The city’s population has been in a steady decline for decades, down 20% from 735,632 residents in 1990. The homicide rate jumped in 2015 after two decades of steady, year-over-year reductions in murders — and has remained elevated ever since. As of November 30, there have been 921 fatal and non-fatal shootings in the city this year.
“We have a problem that is much bigger than Baltimore city,” Baltimore Mayor Brandon Scott told CNN. “We still have the historical things that are happening — the guns, the drugs, the gangs, the money, but so many more people are dying from small, interpersonal disputes.”
The Baltimore Police Department is on pace to recover as many guns as it did in 2020 with 1,302 this year after seizing 1,334 guns last year, according to Harrison.
But a new and daunting challenge is locating and seizing privately made ‘ghost guns,’ which are not branded with a serial number. Ghost guns are growing in popularity, and they are being used in more shootings and murders, Harrison said.
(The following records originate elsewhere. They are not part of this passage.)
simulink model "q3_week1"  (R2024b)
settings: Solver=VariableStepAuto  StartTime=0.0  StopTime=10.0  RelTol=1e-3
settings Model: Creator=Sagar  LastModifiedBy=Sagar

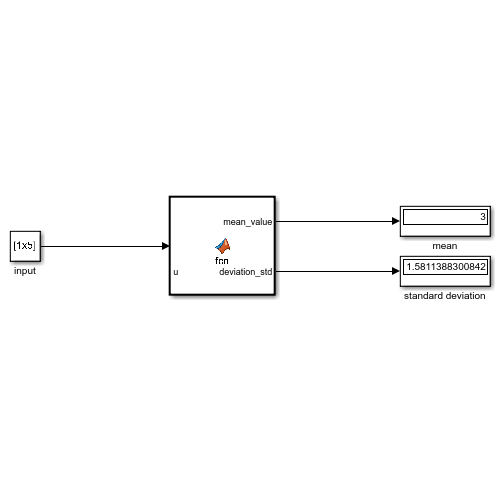
[thumbnail: Simulink's stored preview of the top-level diagram]
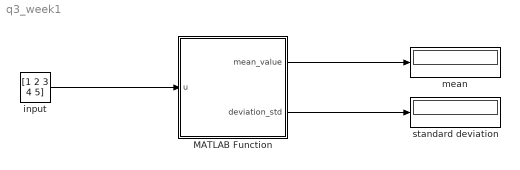
== system q3_week1 ==
  MATLAB Function : MATLAB Function  TreatAsAtomicUnit=on
  input : Constant  Value=[1 2 3 4 5]
  mean : Display
      settings: Format=decimal (Stored Integer)
  standard deviation : Display
      settings: Format=decimal (Stored Integer)
  wires:
  input/1 -> MATLAB Function/1(u)
  MATLAB Function/1(mean_value) -> mean/1
  MATLAB Function/2(deviation_std) -> standard deviation/1

== matlab function q3_week1/MATLAB Function ==
  data: u input; mean_value output; deviation_std output
function [mean_value, deviation_std] = fcn(u)
% MATLAB Function for Simulink: Computes mean and standard deviation
% Ensure the output variables are properly defined

mean_value = mean(u);
deviation_std = std(u);

end
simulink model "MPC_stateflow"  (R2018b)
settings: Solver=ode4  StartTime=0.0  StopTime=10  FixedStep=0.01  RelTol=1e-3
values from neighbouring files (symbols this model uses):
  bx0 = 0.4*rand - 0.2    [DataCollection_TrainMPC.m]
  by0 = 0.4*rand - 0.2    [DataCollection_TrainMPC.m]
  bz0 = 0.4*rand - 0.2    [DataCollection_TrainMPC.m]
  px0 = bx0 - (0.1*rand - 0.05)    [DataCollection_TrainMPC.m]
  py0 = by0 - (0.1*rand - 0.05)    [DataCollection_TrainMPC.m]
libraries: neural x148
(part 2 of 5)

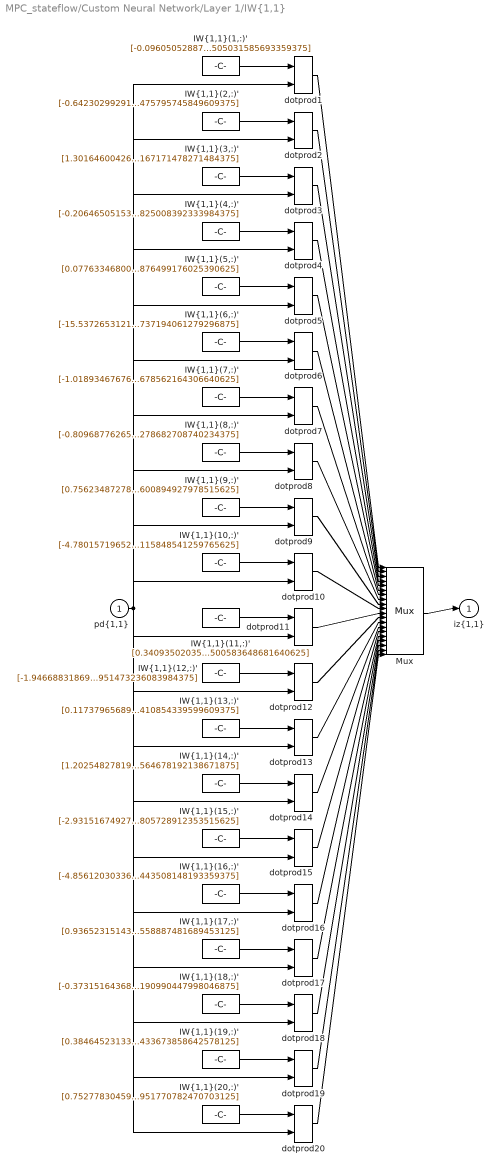
== system MPC_stateflow/Custom Neural Network/Layer 1/IW{1,1} ==
  "pd{1,1}" : Inport  PortDimensions=6
      mask Display: e = 0.06;c1 = [120 230 180]/255;c2 = ([120 230 180]+0)/(256+128);c3 = ([120 230 180]+128)/(256+128);patch([0 1 1 0],[0 0 1 1],c1);patch([0 1 1 1-e 1-e 0+e],[0 0 1 1-e 0+e 0+e],c2);patch([0 0 1 1-e 0+e 0+e],[0 1 1 1-e 1-e 0+e],c3);plot([0 1 1 0 0],[0 0 1 1 0]);
  "IW{1,1}(1,:)'" : Constant  Value=[-0.0960505288717609373438932607314200140535831451416015625;0.831752486119598177793932336498983204364776611328125;-0.0022915027448587575210903199973699884139932692050933837890625;1.253737241349362374620568516547791659832000732421875;1.745603804794473301598145553725771605968475341796875;0.98904804187790629210752513245097361505031585693359375]
      mask Display: e = 0.06;c1 = [120 150 230]/255;c2 = ([120 150 230]+0)/383;c3 = ([120 150 230]+128)/383;patch([0 1 1 0],[0 0 1 1],c1);patch([0 1 1 1-e 1-e 0+e],[0 0 1 1-e 0+e 0+e],c2);patch([0 0 1 1-e 0+e 0+e],[0 1 1 1-e 1-e 0+e],c3);plot([0 1 1 0 0],[0 0 1 1 0]);disp('Weights');
  "IW{1,1}(10,:)'" : Constant  Value=[-4.78015719652584802901174043654464185237884521484375;1.82750965351689753646269309683702886104583740234375;-0.44913035065545636737027734852745197713375091552734375;-0.296705961738857049159179268826846964657306671142578125;1.0273367507350636973484370173537172377109527587890625;-0.76732559429883784307691030335263349115848541259765625]
      mask Display: e = 0.06;c1 = [120 150 230]/255;c2 = ([120 150 230]+0)/383;c3 = ([120 150 230]+128)/383;patch([0 1 1 0],[0 0 1 1],c1);patch([0 1 1 1-e 1-e 0+e],[0 0 1 1-e 0+e 0+e],c2);patch([0 0 1 1-e 0+e 0+e],[0 1 1 1-e 1-e 0+e],c3);plot([0 1 1 0 0],[0 0 1 1 0]);disp('Weights');
  "IW{1,1}(11,:)'" : Constant  Value=[0.3409350203568044523905200549052096903324127197265625;-0.368968737987874106920571648515760898590087890625;-0.8932749097658392312126807155436836183071136474609375;-0.66929160576613444533222718746401369571685791015625;-0.5259460395139445854084669917938299477100372314453125;0.510926105204932756720381803461350500583648681640625]
      mask Display: e = 0.06;c1 = [120 150 230]/255;c2 = ([120 150 230]+0)/383;c3 = ([120 150 230]+128)/383;patch([0 1 1 0],[0 0 1 1],c1);patch([0 1 1 1-e 1-e 0+e],[0 0 1 1-e 0+e 0+e],c2);patch([0 0 1 1-e 0+e 0+e],[0 1 1 1-e 1-e 0+e],c3);plot([0 1 1 0 0],[0 0 1 1 0]);disp('Weights');
  "IW{1,1}(12,:)'" : Constant  Value=[-1.94668831869893121933046131744049489498138427734375;1.8928403055050029291095370354014448821544647216796875;-0.79762269677632680053847025192226283252239227294921875;1.724573381713232489431675276136957108974456787109375;1.37021376275906714425900645437650382518768310546875;-1.2105960555774204490120382615714333951473236083984375]
      mask Display: e = 0.06;c1 = [120 150 230]/255;c2 = ([120 150 230]+0)/383;c3 = ([120 150 230]+128)/383;patch([0 1 1 0],[0 0 1 1],c1);patch([0 1 1 1-e 1-e 0+e],[0 0 1 1-e 0+e 0+e],c2);patch([0 0 1 1-e 0+e 0+e],[0 1 1 1-e 1-e 0+e],c3);plot([0 1 1 0 0],[0 0 1 1 0]);disp('Weights');
  "IW{1,1}(13,:)'" : Constant  Value=[0.1173796568915033144975268442067317664623260498046875;0.6692513437947458232457620397326536476612091064453125;-0.7065428501883797007820930957677774131298065185546875;-0.3044682805089868882220116574899293482303619384765625;0.1473589733445717087079174234531819820404052734375;0.8460490710929666757778022656566463410854339599609375]
      mask Display: e = 0.06;c1 = [120 150 230]/255;c2 = ([120 150 230]+0)/383;c3 = ([120 150 230]+128)/383;patch([0 1 1 0],[0 0 1 1],c1);patch([0 1 1 1-e 1-e 0+e],[0 0 1 1-e 0+e 0+e],c2);patch([0 0 1 1-e 0+e 0+e],[0 1 1 1-e 1-e 0+e],c3);plot([0 1 1 0 0],[0 0 1 1 0]);disp('Weights');
  "IW{1,1}(14,:)'" : Constant  Value=[1.20254827819926735088529312633909285068511962890625;-2.1065505856942312590263099991716444492340087890625;0.66666924060894905412766320296213962137699127197265625;0.0902543188752378544581489450138178654015064239501953125;-1.3922068727151548639398015438928268849849700927734375;0.9483720525673191570348308232496492564678192138671875]
      mask Display: e = 0.06;c1 = [120 150 230]/255;c2 = ([120 150 230]+0)/383;c3 = ([120 150 230]+128)/383;patch([0 1 1 0],[0 0 1 1],c1);patch([0 1 1 1-e 1-e 0+e],[0 0 1 1-e 0+e 0+e],c2);patch([0 0 1 1-e 0+e 0+e],[0 1 1 1-e 1-e 0+e],c3);plot([0 1 1 0 0],[0 0 1 1 0]);disp('Weights');
  "IW{1,1}(15,:)'" : Constant  Value=[-2.931516749274532873670295884949155151844024658203125;0.94843863218748136745261945179663598537445068359375;1.0367786200063264789861250392277725040912628173828125;0.6904689270590800287408228541607968509197235107421875;1.0261103722150346495567418969585560262203216552734375;0.81446211351128694477807812290848232805728912353515625]
      mask Display: e = 0.06;c1 = [120 150 230]/255;c2 = ([120 150 230]+0)/383;c3 = ([120 150 230]+128)/383;patch([0 1 1 0],[0 0 1 1],c1);patch([0 1 1 1-e 1-e 0+e],[0 0 1 1-e 0+e 0+e],c2);patch([0 0 1 1-e 0+e 0+e],[0 1 1 1-e 1-e 0+e],c3);plot([0 1 1 0 0],[0 0 1 1 0]);disp('Weights');
  "IW{1,1}(16,:)'" : Constant  Value=[-4.856120303363926637985059642232954502105712890625;2.2395310961634660174013333744369447231292724609375;-0.74952380593419498655549659815733321011066436767578125;-1.9575546016491471856824091446469537913799285888671875;-0.49184046909802692226776343886740505695343017578125;0.044504062701382872402344759166226140223443508148193359375]
      mask Display: e = 0.06;c1 = [120 150 230]/255;c2 = ([120 150 230]+0)/383;c3 = ([120 150 230]+128)/383;patch([0 1 1 0],[0 0 1 1],c1);patch([0 1 1 1-e 1-e 0+e],[0 0 1 1-e 0+e 0+e],c2);patch([0 0 1 1-e 0+e 0+e],[0 1 1 1-e 1-e 0+e],c3);plot([0 1 1 0 0],[0 0 1 1 0]);disp('Weights');
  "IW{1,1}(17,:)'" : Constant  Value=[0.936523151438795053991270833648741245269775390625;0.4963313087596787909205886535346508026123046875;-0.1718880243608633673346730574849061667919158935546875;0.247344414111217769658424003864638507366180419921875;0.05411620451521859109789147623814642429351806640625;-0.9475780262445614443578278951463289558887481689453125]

The department recovered only nine ghost guns in 2018 — but as of late November this year, officers recovered 294, according to Harrison.
“People can order them online in parts and some of them at home,” he said. “All you need is a credit card and enough money to buy it and its untraceable. So, it’s becoming more difficult for law enforcement to really hold people accountable for having and using these guns until the crime is committed.”
Without a serial number, it’s a major challenge for law enforcement to find the original owner or purchaser of the ghost gun that can help police trace the ballistics to other possible crimes, Harrison said.
But the department is working with its partners at the Bureau of Alcohol, Tobacco, Firearms and Explosives (ATF) and has assigned detectives to ATF to track both guns and ghost guns. The city is also the first to partner with Everytown for Gun Safety — a nonprofit focused on preventing gun violence — to launch a Gun Trafficking Intelligence Platform to track the origin of illegal guns on the street, according to Harrison.
Baltimore is launching its Group Violence Reduction Strategy in partnership with the police department and the state attorney’s office, aiming to address the root causes of violence “by focusing resources on individuals identified as being at the highest acute risk of involvement in gun violence,” according to the city’s website.
The strategy is designed to provide offenders with a pathway “away from a life of crime” and one that includes helping them with their specific needs, such as education, mental illness, crime, addiction and housing, according to Harrison.
“If they are not addressed, we may stop one thing but we’re allowing someone else to continue the cycle of violence,” Harrison said.